⟨

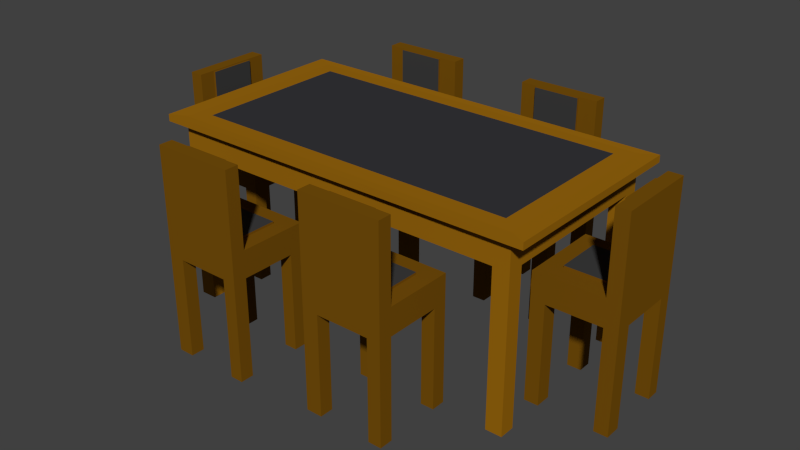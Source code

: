 # Source: MesaFamiliar.blend  (saved by Blender 2.92.15; exported with 4.5.12 LTS)
import bpy
from mathutils import Matrix  # noqa: F401  (used for matrix-valued properties, if any)

bpy.ops.wm.read_factory_settings(use_empty=True)
scene = bpy.context.scene
scene.name = 'Scene'

# ---- collections
col_collection_1 = bpy.data.collections.new('Collection 1'); scene.collection.children.link(col_collection_1)

# ---- materials (node trees are filled in below, after node groups)
mat_material_001 = bpy.data.materials.new('Material.001')
mat_material_001.alpha_threshold = 0.0
mat_material_001.use_transparent_shadow = False
mat_material_001.diffuse_color = (0.1845, 0.08022, 0.003677, 1.0)
mat_material_001.roughness = 0.5
mat_material_002 = bpy.data.materials.new('Material.002')
mat_material_002.alpha_threshold = 0.0
mat_material_002.use_transparent_shadow = False
mat_material_002.diffuse_color = (0.04696, 0.04696, 0.04696, 1.0)
mat_material_002.roughness = 0.5
mat_material = bpy.data.materials.new('Material')
mat_material.alpha_threshold = 0.0
mat_material.use_transparent_shadow = False
mat_material.preview_render_type = 'FLAT'
mat_material.diffuse_color = (0.3264, 0.1398, 0.004862, 1.0)
mat_material.roughness = 0.5
mat_material.line_color = (0.0, 0.0, 0.0, 1.0)
mat_material_003 = bpy.data.materials.new('Material.003')
mat_material_003.alpha_threshold = 0.0
mat_material_003.use_transparent_shadow = False
mat_material_003.diffuse_color = (0.03713, 0.03713, 0.04203, 1.0)
mat_material_003.roughness = 0.5

# ---- material node trees

# ---- world
world_world = bpy.data.worlds.new('World'); scene.world = world_world
world_world.color = (0.05088, 0.05088, 0.05088)
world_world.use_sun_shadow = False
world_world.sun_shadow_jitter_overblur = 0.0
world_world.cycles.sampling_method = 'MANUAL'
world_world.cycles.sample_map_resolution = 256

# ---- meshes
me_cube_006 = bpy.data.meshes.new('Cube.006')
me_cube_006.from_pydata([(-1.554, -1.565, 0.01725), (-1.554, -1.565, 3.145), (-1.554, 1.562, 0.01725), (-1.554, 1.562, 3.145), (1.573, -1.565, 0.01725), (1.573, -1.565, 3.145), (1.573, 1.562, 0.01725), (1.573, 1.562, 3.145), (0.9622, 1.562, 3.145), (0.9622, 1.562, 0.01725), (0.9622, -1.565, 3.145), (0.9622, -1.565, 0.01725), (-1.048, 1.562, 0.01725), (-1.048, -1.565, 3.145), (-1.048, 1.562, 3.145), (-1.048, -1.565, 0.01725), (-1.554, -1.03, 3.145), (-1.554, -1.03, 0.01725), (1.573, -1.03, 3.145), (1.573, -1.03, 0.01725), (0.8321, -0.9001, 3.145), (0.9622, -1.03, 0.01725), (-1.048, -1.03, 0.01725), (-0.9177, -0.9001, 3.145), (-1.554, 1.042, 3.145), (1.573, 1.042, 0.01725), (-1.554, 1.042, 0.01725), (1.573, 1.042, 3.145), (0.8321, 0.9118, 3.145), (0.9622, 1.042, 0.01725), (-1.048, 1.042, 0.01725), (-0.9177, 0.9118, 3.145), (-1.554, -1.03, -11.58), (-1.554, -1.565, -11.58), (-1.048, 1.562, -11.58), (-1.554, 1.562, -11.58), (1.573, 1.042, -11.58), (1.573, 1.562, -11.58), (0.9622, -1.565, -11.58), (1.573, -1.565, -11.58), (0.9622, 1.562, -11.58), (0.9622, -1.03, -11.58), (-1.048, -1.565, -11.58), (-1.048, -1.03, -11.58), (1.573, -1.03, -11.58), (-1.554, 1.042, -11.58), (0.9622, 1.042, -11.58), (-1.048, 1.042, -11.58), (-1.554, 1.042, 12.3), (-1.554, 1.562, 12.3), (0.9622, 1.562, 12.3), (1.573, 1.562, 12.3), (-1.048, 1.562, 12.3), (1.573, 1.042, 12.3), (0.8441, 1.042, 12.18), (-0.9297, 1.042, 12.18), (0.8441, 1.042, 3.263), (0.9622, -1.03, 3.145), (-0.9297, 1.042, 3.263), (-1.048, -1.03, 3.145), (0.8321, 0.9118, 3.407), (0.8321, -0.9001, 3.407), (-0.9177, 0.9118, 3.407), (-0.9177, -0.9001, 3.407), (0.9622, 1.042, 3.145), (-1.048, 1.042, 3.145), (0.9622, 1.042, 12.3), (-1.048, 1.042, 12.3), (0.8441, 0.9572, 3.263), (-0.9297, 0.9572, 3.263), (0.8441, 0.9572, 12.18), (-0.9297, 0.9572, 12.18)], [], [(24, 3, 2, 26), (8, 7, 6, 9), (18, 5, 4, 19), (13, 1, 0, 15), (30, 26, 45, 47), (14, 3, 49, 52), (24, 65, 67, 48), (30, 12, 9, 29), (5, 10, 11, 4), (14, 8, 9, 12), (3, 14, 12, 2), (26, 2, 35, 45), (7, 8, 50, 51), (10, 13, 15, 11), (10, 57, 59, 13), (6, 25, 36, 37), (15, 22, 21, 11), (5, 18, 57, 10), (13, 59, 16, 1), (19, 4, 39, 44), (27, 18, 19, 25), (1, 16, 17, 0), (7, 27, 25, 6), (23, 20, 61, 63), (17, 26, 30, 22), (22, 30, 29, 21), (18, 27, 64, 57), (59, 65, 24, 16), (21, 29, 25, 19), (16, 24, 26, 17), (46, 40, 37, 36), (45, 35, 34, 47), (33, 32, 43, 42), (38, 41, 44, 39), (11, 21, 41, 38), (22, 15, 42, 43), (0, 17, 32, 33), (4, 11, 38, 39), (21, 19, 44, 41), (29, 9, 40, 46), (12, 30, 47, 34), (9, 6, 37, 40), (2, 12, 34, 35), (25, 29, 46, 36), (17, 22, 43, 32), (15, 0, 33, 42), (67, 52, 49, 48), (53, 51, 50, 66), (66, 50, 52, 67), (54, 55, 71, 70), (27, 7, 51, 53), (64, 27, 53, 66), (3, 24, 48, 49), (8, 14, 52, 50), (28, 20, 57, 64), (23, 31, 65, 59), (20, 23, 59, 57), (31, 28, 64, 65), (61, 60, 62, 63), (20, 28, 60, 61), (28, 31, 62, 60), (31, 23, 63, 62), (56, 58, 65, 64), (55, 54, 66, 67), (58, 55, 67, 65), (54, 56, 64, 66), (69, 68, 70, 71), (55, 58, 69, 71), (58, 56, 68, 69), (56, 54, 70, 68)])
me_cube_006.polygons.foreach_set('material_index', [0, 0, 0, 0, 0, 0, 0, 0, 0, 0, 0, 0, 0, 0, 0, 0, 0, 0, 0, 0, 0, 0, 0, 0, 0, 0, 0, 0, 0, 0, 0, 0, 0, 0, 0, 0, 0, 0, 0, 0, 0, 0, 0, 0, 0, 0, 0, 0, 0, 0, 0, 0, 0, 0, 0, 0, 0, 0, 1, 0, 0, 0, 0, 0, 0, 0, 1, 0, 0, 0])
me_cube_006.materials.append(mat_material_001)
me_cube_006.materials.append(mat_material_002)
me_cube_006.use_remesh_preserve_volume = False
me_cube_006.use_remesh_preserve_attributes = False
me_cube_006.use_mirror_vertex_groups = False
me_cube_006.update()
me_cube_005 = bpy.data.meshes.new('Cube.005')
me_cube_005.from_pydata([(-1.554, -1.565, 0.01725), (-1.554, -1.565, 3.145), (-1.554, 1.562, 0.01725), (-1.554, 1.562, 3.145), (1.573, -1.565, 0.01725), (1.573, -1.565, 3.145), (1.573, 1.562, 0.01725), (1.573, 1.562, 3.145), (0.9622, 1.562, 3.145), (0.9622, 1.562, 0.01725), (0.9622, -1.565, 3.145), (0.9622, -1.565, 0.01725), (-1.048, 1.562, 0.01725), (-1.048, -1.565, 3.145), (-1.048, 1.562, 3.145), (-1.048, -1.565, 0.01725), (-1.554, -1.03, 3.145), (-1.554, -1.03, 0.01725), (1.573, -1.03, 3.145), (1.573, -1.03, 0.01725), (0.8321, -0.9001, 3.145), (0.9622, -1.03, 0.01725), (-1.048, -1.03, 0.01725), (-0.9177, -0.9001, 3.145), (-1.554, 1.042, 3.145), (1.573, 1.042, 0.01725), (-1.554, 1.042, 0.01725), (1.573, 1.042, 3.145), (0.8321, 0.9118, 3.145), (0.9622, 1.042, 0.01725), (-1.048, 1.042, 0.01725), (-0.9177, 0.9118, 3.145), (-1.554, -1.03, -11.58), (-1.554, -1.565, -11.58), (-1.048, 1.562, -11.58), (-1.554, 1.562, -11.58), (1.573, 1.042, -11.58), (1.573, 1.562, -11.58), (0.9622, -1.565, -11.58), (1.573, -1.565, -11.58), (0.9622, 1.562, -11.58), (0.9622, -1.03, -11.58), (-1.048, -1.565, -11.58), (-1.048, -1.03, -11.58), (1.573, -1.03, -11.58), (-1.554, 1.042, -11.58), (0.9622, 1.042, -11.58), (-1.048, 1.042, -11.58), (-1.554, 1.042, 12.3), (-1.554, 1.562, 12.3), (0.9622, 1.562, 12.3), (1.573, 1.562, 12.3), (-1.048, 1.562, 12.3), (1.573, 1.042, 12.3), (0.8441, 1.042, 12.18), (-0.9297, 1.042, 12.18), (0.8441, 1.042, 3.263), (0.9622, -1.03, 3.145), (-0.9297, 1.042, 3.263), (-1.048, -1.03, 3.145), (0.8321, 0.9118, 3.407), (0.8321, -0.9001, 3.407), (-0.9177, 0.9118, 3.407), (-0.9177, -0.9001, 3.407), (0.9622, 1.042, 3.145), (-1.048, 1.042, 3.145), (0.9622, 1.042, 12.3), (-1.048, 1.042, 12.3), (0.8441, 0.9572, 3.263), (-0.9297, 0.9572, 3.263), (0.8441, 0.9572, 12.18), (-0.9297, 0.9572, 12.18)], [], [(24, 3, 2, 26), (8, 7, 6, 9), (18, 5, 4, 19), (13, 1, 0, 15), (30, 26, 45, 47), (14, 3, 49, 52), (24, 65, 67, 48), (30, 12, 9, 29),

⟩

■ Assignment ■
Beginning at the line with "mat_material.roughness = 0.5" and stopping after the line with "world_world.cycles.sampling_method = 'MANUAL'", please write out every line of the data above exactly and nothing else.

■ Exercise solution ■
mat_material.roughness = 0.5
mat_material.line_color = (0.0, 0.0, 0.0, 1.0)
mat_material_003 = bpy.data.materials.new('Material.003')
mat_material_003.alpha_threshold = 0.0
mat_material_003.use_transparent_shadow = False
mat_material_003.diffuse_color = (0.03713, 0.03713, 0.04203, 1.0)
mat_material_003.roughness = 0.5

# ---- material node trees

# ---- world
world_world = bpy.data.worlds.new('World'); scene.world = world_world
world_world.color = (0.05088, 0.05088, 0.05088)
world_world.use_sun_shadow = False
world_world.sun_shadow_jitter_overblur = 0.0
world_world.cycles.sampling_method = 'MANUAL'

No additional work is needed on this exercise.